> ENTRIES PROVIDED:
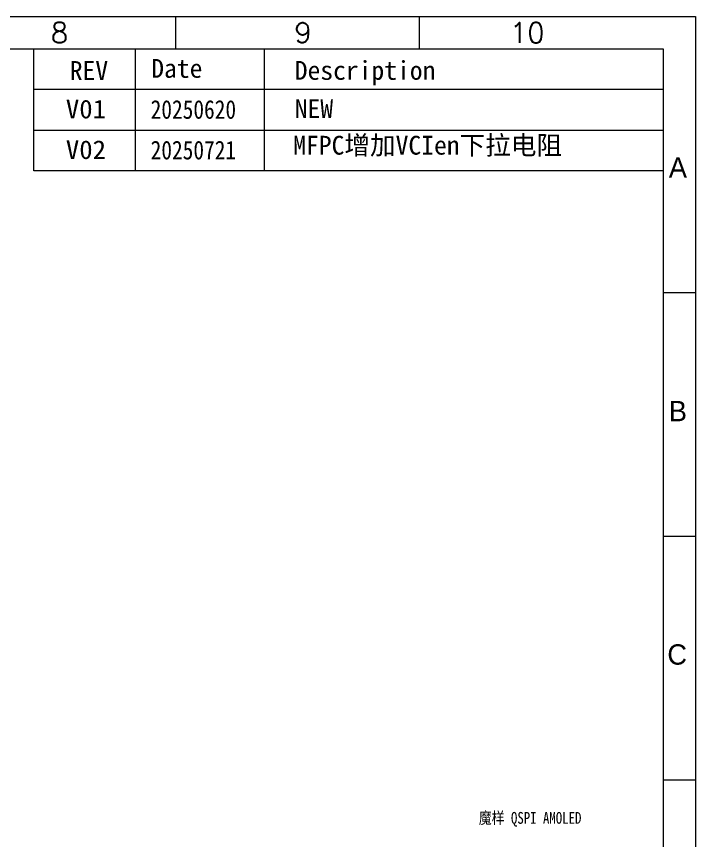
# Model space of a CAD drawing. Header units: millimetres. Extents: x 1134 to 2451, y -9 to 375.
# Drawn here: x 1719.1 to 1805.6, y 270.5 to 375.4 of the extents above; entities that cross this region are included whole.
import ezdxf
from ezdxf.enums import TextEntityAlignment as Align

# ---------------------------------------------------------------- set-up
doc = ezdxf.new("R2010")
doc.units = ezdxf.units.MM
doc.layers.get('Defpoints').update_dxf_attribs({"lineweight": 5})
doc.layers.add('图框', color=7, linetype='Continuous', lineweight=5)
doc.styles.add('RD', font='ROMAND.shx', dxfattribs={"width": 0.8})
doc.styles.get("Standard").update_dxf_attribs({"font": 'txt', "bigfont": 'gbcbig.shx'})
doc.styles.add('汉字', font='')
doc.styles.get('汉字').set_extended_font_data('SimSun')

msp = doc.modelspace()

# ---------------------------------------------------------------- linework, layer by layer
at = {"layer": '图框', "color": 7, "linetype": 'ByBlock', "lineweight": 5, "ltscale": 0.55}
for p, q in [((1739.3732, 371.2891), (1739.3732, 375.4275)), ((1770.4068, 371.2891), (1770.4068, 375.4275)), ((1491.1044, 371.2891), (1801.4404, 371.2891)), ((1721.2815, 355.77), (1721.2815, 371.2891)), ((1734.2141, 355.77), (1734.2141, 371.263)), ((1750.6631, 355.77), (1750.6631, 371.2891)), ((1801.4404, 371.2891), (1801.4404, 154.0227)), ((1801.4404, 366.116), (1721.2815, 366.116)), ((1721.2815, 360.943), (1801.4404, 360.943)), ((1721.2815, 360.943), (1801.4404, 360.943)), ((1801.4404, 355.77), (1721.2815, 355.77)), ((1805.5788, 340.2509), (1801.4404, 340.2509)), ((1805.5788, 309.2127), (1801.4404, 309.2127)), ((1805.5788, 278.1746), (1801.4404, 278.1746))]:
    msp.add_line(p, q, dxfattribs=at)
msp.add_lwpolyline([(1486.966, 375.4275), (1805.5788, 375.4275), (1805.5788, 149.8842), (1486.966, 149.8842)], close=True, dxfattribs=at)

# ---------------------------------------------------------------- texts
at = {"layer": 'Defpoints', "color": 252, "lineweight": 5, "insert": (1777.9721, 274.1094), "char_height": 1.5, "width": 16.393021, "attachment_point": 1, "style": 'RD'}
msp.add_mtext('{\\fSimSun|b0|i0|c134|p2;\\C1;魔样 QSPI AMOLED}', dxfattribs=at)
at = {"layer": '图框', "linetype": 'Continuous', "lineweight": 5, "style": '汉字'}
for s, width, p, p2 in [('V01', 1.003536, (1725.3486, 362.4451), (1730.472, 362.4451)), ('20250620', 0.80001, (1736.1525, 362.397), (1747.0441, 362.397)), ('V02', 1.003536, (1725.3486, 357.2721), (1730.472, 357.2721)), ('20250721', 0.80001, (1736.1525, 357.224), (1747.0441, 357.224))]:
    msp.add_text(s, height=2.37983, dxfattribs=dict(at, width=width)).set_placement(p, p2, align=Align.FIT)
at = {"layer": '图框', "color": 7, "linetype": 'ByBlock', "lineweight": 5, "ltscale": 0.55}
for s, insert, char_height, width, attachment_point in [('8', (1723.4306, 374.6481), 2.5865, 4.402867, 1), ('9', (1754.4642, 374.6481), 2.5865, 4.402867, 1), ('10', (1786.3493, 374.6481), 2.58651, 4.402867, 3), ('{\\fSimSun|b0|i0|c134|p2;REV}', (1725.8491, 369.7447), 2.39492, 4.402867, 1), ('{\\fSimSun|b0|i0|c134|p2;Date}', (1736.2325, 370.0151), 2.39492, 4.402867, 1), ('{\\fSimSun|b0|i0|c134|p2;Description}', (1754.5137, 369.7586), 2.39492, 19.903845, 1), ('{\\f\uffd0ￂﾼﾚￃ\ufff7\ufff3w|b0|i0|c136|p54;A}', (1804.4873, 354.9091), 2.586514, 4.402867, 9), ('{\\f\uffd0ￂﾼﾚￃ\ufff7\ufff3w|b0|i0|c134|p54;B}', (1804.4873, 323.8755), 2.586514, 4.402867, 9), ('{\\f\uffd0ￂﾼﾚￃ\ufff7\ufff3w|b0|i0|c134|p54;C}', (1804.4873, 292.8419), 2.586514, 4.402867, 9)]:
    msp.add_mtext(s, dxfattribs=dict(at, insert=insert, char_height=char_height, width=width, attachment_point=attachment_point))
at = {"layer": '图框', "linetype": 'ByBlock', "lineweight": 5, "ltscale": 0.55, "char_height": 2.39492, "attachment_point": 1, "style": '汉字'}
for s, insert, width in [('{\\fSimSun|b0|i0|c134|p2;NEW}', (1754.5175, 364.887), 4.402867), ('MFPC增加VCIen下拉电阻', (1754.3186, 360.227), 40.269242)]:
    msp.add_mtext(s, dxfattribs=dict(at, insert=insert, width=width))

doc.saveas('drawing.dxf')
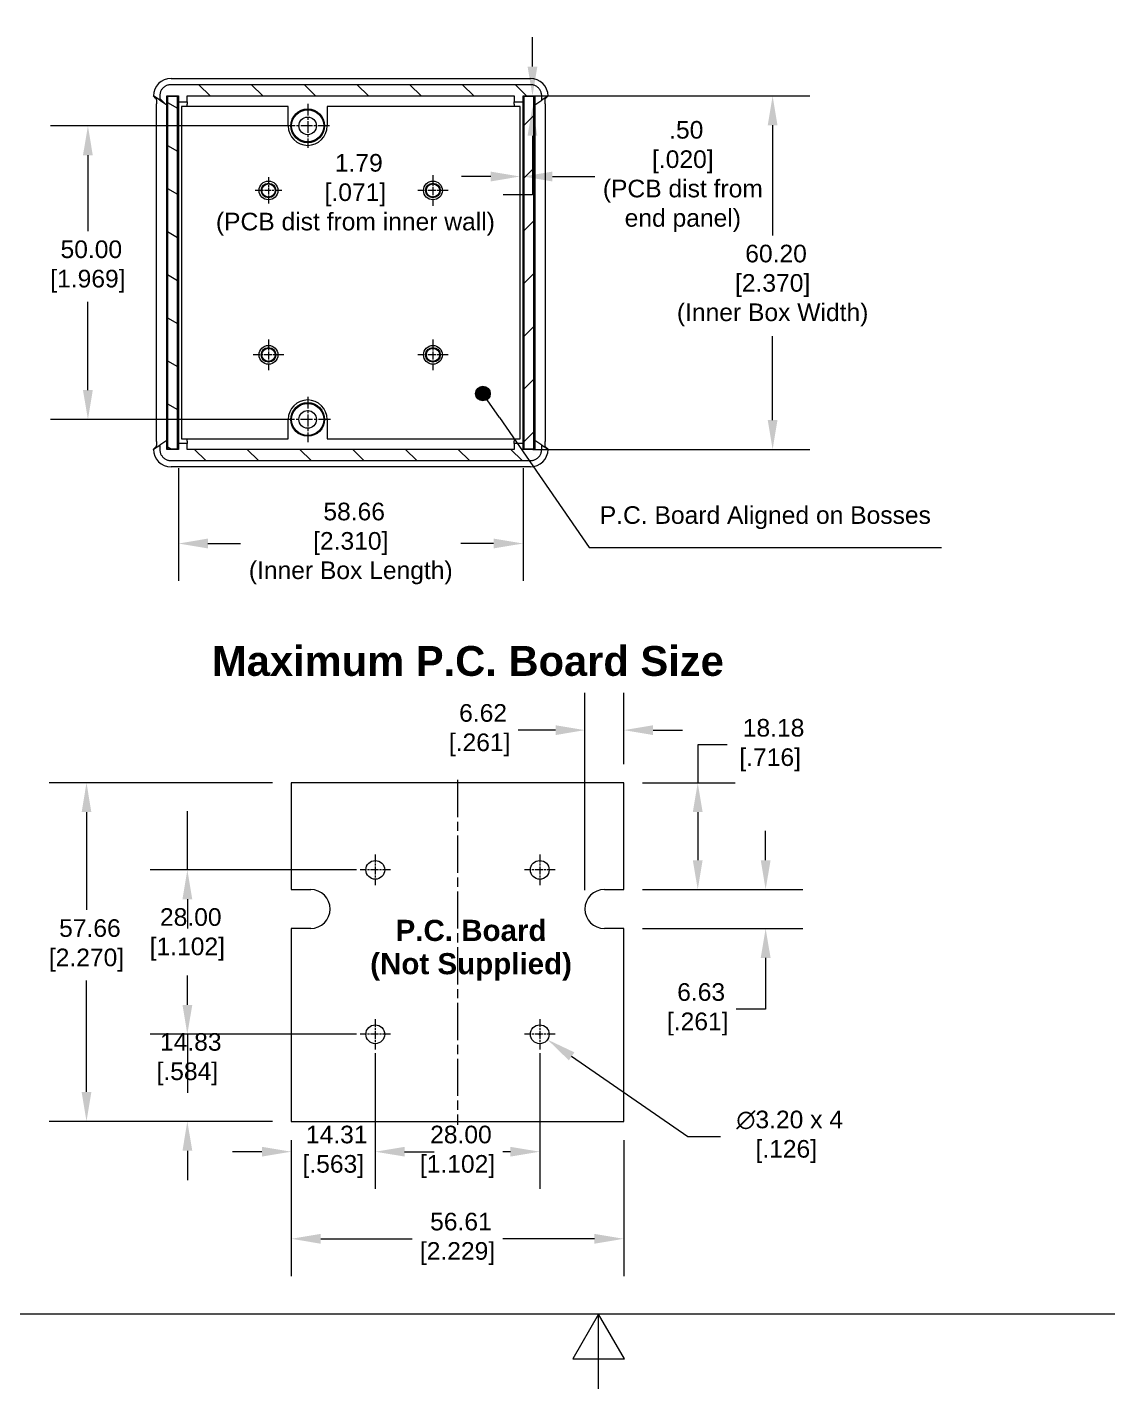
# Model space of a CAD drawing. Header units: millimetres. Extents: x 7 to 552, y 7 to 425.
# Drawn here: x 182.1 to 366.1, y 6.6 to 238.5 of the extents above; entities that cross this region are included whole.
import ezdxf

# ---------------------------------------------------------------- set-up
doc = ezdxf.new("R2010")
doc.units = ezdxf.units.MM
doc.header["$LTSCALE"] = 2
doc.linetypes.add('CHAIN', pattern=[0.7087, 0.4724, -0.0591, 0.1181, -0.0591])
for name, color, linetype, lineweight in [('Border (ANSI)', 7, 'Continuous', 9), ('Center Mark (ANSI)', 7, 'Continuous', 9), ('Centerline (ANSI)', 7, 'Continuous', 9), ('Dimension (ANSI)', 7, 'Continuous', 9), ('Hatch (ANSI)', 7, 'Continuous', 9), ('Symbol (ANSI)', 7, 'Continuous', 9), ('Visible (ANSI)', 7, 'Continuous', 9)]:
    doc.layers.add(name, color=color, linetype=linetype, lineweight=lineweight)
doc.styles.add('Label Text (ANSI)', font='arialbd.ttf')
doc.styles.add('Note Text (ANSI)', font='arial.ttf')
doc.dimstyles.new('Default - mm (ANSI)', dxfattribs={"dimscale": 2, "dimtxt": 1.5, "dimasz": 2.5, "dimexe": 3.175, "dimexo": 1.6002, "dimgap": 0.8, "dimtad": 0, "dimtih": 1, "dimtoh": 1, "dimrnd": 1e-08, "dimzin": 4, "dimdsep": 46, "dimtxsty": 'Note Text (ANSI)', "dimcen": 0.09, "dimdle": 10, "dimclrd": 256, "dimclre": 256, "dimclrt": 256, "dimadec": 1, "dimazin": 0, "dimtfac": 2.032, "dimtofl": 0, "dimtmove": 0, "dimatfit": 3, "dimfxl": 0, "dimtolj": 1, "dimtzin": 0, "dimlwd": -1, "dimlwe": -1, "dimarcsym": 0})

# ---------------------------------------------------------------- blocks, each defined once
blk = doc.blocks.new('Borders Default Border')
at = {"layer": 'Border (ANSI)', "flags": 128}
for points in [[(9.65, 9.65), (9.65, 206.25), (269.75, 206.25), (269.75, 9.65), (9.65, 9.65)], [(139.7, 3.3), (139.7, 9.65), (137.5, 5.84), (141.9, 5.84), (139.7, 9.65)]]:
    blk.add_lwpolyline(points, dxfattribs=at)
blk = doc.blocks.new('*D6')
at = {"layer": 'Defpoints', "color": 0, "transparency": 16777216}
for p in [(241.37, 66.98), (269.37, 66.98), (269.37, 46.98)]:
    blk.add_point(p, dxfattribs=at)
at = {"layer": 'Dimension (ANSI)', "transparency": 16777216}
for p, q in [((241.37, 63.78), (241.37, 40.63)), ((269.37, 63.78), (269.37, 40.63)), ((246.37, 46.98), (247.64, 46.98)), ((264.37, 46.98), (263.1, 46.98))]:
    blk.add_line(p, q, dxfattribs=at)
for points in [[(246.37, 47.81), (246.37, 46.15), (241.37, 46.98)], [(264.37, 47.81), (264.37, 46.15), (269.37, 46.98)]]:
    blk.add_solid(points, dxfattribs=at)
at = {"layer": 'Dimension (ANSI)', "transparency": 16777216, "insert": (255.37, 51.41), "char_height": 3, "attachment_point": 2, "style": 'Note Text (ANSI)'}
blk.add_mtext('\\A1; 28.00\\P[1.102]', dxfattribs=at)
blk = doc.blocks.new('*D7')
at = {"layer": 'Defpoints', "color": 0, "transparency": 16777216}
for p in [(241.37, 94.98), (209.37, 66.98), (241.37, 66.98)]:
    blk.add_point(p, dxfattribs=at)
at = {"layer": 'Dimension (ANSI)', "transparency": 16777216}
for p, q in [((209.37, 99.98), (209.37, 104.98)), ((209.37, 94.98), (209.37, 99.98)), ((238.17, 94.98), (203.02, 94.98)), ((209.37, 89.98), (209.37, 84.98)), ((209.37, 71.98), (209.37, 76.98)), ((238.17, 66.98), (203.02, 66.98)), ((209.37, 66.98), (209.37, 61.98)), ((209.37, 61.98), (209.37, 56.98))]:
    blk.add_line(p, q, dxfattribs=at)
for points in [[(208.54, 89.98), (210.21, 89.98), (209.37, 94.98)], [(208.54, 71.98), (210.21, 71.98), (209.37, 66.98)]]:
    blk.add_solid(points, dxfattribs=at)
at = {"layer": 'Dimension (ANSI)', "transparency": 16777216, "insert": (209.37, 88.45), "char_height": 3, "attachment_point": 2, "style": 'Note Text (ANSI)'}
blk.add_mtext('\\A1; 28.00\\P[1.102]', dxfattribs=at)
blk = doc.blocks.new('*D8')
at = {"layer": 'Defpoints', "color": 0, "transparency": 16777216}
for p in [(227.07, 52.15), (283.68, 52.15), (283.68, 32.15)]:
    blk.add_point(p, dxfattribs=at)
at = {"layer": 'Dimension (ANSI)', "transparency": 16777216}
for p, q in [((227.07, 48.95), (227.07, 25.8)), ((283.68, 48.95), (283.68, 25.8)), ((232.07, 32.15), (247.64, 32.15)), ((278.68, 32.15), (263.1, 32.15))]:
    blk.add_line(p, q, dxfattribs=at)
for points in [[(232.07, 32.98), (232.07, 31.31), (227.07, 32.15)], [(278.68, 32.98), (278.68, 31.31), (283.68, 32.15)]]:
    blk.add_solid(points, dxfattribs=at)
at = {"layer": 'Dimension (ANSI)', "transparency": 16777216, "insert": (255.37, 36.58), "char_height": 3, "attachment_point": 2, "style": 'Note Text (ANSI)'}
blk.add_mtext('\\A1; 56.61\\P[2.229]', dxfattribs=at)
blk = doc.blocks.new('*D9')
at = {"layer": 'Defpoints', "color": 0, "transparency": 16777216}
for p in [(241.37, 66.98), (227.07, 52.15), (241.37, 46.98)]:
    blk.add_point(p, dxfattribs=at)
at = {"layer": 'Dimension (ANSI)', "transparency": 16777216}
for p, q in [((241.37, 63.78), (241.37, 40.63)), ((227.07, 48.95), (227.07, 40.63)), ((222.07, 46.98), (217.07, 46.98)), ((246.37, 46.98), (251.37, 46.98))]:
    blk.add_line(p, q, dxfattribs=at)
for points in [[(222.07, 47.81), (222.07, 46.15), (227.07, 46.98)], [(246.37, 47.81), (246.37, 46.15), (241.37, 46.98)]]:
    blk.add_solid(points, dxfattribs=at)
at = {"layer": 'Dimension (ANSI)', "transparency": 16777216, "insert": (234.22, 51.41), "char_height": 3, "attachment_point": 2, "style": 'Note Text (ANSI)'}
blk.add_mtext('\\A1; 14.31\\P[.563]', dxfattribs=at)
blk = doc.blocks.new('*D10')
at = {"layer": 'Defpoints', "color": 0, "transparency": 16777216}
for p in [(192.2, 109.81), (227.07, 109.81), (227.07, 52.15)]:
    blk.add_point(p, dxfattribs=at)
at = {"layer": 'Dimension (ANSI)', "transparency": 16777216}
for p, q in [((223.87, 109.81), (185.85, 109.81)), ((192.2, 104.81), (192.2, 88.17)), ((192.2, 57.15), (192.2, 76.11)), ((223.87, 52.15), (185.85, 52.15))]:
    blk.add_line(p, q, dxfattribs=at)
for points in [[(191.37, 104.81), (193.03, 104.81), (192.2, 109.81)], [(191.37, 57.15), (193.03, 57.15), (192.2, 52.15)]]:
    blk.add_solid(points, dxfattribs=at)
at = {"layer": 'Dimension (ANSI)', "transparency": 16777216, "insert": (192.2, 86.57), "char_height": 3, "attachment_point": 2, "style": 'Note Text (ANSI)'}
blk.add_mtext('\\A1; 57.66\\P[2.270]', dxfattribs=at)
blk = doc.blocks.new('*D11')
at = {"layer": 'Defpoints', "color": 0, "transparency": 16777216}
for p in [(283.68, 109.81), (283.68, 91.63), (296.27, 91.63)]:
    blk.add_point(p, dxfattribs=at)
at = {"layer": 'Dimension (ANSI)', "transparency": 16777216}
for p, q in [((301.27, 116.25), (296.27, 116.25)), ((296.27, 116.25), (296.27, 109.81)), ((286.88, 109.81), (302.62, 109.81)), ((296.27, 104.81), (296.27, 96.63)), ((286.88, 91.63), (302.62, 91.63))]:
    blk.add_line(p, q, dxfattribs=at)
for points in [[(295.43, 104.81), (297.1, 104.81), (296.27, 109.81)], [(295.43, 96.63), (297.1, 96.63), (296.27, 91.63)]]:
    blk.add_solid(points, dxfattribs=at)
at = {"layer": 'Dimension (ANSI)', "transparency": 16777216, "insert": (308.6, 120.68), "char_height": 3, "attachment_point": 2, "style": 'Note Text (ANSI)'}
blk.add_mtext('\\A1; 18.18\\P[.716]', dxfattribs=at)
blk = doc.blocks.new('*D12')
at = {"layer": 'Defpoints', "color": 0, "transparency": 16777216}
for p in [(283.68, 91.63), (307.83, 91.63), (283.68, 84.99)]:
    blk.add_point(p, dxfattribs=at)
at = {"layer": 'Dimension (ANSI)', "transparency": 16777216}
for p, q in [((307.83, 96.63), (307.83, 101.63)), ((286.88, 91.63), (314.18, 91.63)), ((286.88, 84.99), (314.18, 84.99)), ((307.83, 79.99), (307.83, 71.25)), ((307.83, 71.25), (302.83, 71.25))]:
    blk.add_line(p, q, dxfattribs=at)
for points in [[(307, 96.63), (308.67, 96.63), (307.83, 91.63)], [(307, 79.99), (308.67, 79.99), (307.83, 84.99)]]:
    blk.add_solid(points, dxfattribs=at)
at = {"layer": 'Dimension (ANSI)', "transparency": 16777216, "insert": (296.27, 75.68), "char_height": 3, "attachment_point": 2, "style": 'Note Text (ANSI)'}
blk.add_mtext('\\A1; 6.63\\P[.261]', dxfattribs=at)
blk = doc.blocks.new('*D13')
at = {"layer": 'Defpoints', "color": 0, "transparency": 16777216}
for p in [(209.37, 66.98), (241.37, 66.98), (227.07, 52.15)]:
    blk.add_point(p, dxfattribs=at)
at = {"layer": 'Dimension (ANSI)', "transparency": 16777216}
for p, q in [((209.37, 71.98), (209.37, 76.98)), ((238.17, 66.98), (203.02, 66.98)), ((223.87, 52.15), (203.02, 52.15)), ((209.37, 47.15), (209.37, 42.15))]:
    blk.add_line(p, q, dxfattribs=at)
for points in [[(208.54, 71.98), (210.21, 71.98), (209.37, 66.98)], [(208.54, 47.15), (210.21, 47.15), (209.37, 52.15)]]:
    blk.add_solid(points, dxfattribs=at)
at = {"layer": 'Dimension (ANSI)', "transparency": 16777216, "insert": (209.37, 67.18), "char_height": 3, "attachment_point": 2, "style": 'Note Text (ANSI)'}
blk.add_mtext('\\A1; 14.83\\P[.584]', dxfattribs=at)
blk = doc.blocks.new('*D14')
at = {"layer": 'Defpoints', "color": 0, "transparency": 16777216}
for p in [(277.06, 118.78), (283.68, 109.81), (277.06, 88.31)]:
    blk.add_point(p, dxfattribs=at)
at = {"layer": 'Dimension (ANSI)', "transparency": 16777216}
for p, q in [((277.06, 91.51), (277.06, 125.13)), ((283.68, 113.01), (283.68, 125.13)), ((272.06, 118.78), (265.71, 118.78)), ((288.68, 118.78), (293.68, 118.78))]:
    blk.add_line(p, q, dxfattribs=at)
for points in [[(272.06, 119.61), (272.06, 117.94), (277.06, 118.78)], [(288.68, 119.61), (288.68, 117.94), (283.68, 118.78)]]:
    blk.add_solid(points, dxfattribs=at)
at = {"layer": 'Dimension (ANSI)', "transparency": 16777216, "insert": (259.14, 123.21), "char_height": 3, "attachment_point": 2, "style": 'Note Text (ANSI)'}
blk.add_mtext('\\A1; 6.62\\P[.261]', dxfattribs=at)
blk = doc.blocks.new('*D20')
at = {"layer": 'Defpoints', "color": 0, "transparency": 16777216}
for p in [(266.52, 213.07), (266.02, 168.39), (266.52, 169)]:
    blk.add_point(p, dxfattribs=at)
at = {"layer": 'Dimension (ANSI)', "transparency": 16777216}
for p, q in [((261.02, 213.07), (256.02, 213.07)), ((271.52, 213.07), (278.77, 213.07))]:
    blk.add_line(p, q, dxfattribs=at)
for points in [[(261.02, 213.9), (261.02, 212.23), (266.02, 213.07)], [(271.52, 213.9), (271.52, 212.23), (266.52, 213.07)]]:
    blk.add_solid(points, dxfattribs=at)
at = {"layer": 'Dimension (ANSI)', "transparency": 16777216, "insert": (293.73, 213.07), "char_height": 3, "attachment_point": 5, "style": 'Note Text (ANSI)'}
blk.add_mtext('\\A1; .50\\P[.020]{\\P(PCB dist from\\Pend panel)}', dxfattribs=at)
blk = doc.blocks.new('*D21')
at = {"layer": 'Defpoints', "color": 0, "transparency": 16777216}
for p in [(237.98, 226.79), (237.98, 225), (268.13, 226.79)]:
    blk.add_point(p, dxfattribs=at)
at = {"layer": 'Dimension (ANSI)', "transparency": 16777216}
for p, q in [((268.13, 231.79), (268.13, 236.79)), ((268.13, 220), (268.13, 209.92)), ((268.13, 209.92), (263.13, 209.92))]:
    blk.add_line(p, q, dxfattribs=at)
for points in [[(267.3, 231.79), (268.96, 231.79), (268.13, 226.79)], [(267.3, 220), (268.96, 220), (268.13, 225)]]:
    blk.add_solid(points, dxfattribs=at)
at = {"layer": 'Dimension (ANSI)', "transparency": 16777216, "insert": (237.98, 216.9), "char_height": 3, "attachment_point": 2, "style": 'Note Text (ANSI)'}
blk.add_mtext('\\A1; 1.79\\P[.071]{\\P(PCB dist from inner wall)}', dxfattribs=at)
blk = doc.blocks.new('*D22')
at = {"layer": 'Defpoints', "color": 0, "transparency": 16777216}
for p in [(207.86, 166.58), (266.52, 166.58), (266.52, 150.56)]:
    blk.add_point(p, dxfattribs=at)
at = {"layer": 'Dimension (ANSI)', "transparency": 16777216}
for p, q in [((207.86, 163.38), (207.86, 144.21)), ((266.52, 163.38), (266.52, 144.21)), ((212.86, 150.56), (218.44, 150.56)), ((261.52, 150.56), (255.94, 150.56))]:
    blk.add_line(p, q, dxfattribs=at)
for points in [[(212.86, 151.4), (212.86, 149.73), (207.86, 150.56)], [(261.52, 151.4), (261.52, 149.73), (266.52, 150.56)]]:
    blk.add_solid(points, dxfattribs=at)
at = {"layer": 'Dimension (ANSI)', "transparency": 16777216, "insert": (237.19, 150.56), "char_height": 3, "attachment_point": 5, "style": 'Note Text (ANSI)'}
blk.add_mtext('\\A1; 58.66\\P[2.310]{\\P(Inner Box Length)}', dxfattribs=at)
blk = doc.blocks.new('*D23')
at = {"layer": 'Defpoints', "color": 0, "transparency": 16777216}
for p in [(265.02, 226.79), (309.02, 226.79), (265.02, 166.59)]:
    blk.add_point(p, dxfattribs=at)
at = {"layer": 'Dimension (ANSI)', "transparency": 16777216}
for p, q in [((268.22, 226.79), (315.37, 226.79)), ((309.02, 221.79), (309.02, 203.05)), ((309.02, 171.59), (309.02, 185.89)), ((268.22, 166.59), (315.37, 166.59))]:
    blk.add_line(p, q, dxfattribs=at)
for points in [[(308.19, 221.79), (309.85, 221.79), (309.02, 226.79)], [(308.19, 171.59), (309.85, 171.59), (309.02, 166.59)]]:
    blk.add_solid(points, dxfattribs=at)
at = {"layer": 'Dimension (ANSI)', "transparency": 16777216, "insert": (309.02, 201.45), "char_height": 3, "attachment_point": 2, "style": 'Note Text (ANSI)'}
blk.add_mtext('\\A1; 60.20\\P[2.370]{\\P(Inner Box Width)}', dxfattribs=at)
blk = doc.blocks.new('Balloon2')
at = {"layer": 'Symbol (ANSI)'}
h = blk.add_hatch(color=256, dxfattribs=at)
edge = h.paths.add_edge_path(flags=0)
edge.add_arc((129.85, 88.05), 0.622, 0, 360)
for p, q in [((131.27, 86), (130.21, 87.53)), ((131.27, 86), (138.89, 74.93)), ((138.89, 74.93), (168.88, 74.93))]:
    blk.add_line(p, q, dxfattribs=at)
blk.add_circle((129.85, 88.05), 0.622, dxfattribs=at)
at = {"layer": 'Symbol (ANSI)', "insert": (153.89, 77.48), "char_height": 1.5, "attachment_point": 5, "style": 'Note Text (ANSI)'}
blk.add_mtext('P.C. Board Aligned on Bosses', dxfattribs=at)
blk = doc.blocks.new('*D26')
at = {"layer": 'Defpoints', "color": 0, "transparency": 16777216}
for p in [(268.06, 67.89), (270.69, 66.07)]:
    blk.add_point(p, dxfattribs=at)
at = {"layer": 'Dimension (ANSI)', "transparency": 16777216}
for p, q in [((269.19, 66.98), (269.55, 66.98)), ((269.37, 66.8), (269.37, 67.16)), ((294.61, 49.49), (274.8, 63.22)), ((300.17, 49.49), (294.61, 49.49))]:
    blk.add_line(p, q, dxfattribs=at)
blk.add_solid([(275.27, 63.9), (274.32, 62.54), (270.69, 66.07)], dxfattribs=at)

> WORK INSTRUCTION:
Across the records, how many lines contain "this"? Only the number should be given.

> TASK RESPONSE:
2